[Records from a collection]
'''

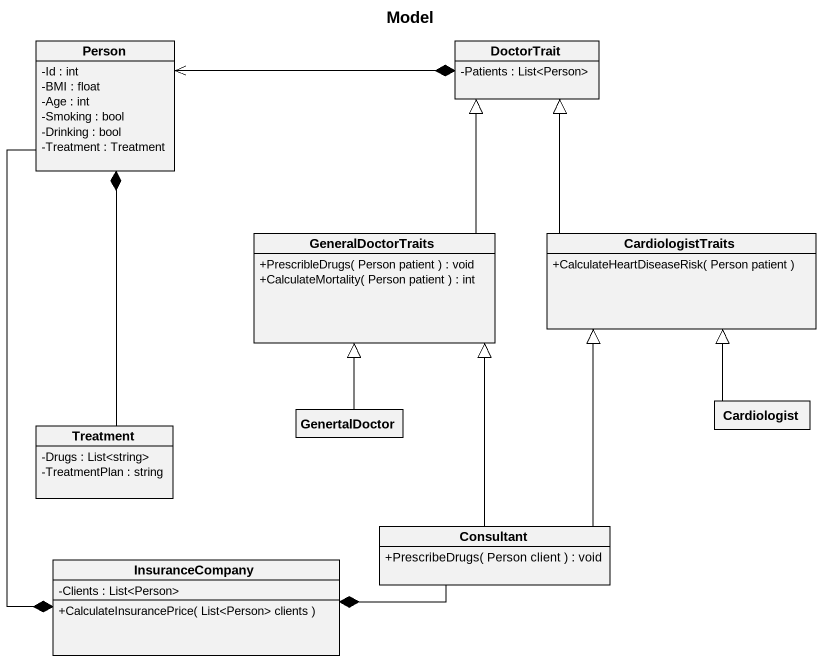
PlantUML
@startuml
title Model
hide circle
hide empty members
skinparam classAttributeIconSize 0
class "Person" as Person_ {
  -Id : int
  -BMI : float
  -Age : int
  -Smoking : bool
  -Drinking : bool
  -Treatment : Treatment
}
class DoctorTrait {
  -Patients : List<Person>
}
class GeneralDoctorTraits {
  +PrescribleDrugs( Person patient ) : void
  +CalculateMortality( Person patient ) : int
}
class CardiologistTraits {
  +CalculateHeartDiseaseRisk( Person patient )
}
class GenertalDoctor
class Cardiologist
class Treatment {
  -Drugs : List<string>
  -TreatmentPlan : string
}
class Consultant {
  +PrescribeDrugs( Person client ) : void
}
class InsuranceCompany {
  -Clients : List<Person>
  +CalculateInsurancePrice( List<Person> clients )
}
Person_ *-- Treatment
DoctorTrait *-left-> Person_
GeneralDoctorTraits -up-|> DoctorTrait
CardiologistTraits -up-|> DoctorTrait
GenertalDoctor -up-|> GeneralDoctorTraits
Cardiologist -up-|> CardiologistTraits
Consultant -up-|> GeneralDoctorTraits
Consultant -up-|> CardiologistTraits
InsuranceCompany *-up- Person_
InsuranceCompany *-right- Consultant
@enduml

'''

YOUR TASK ->
Only the final stretch of the entries above is needed: print exactly the lines from the line containing "GenertalDoctor -up-|> GeneralDoctorTraits" through the last one.

ANSWER TO THIS PROBLEM ->
GenertalDoctor -up-|> GeneralDoctorTraits
Cardiologist -up-|> CardiologistTraits
Consultant -up-|> GeneralDoctorTraits
Consultant -up-|> CardiologistTraits
InsuranceCompany *-up- Person_
InsuranceCompany *-right- Consultant
@enduml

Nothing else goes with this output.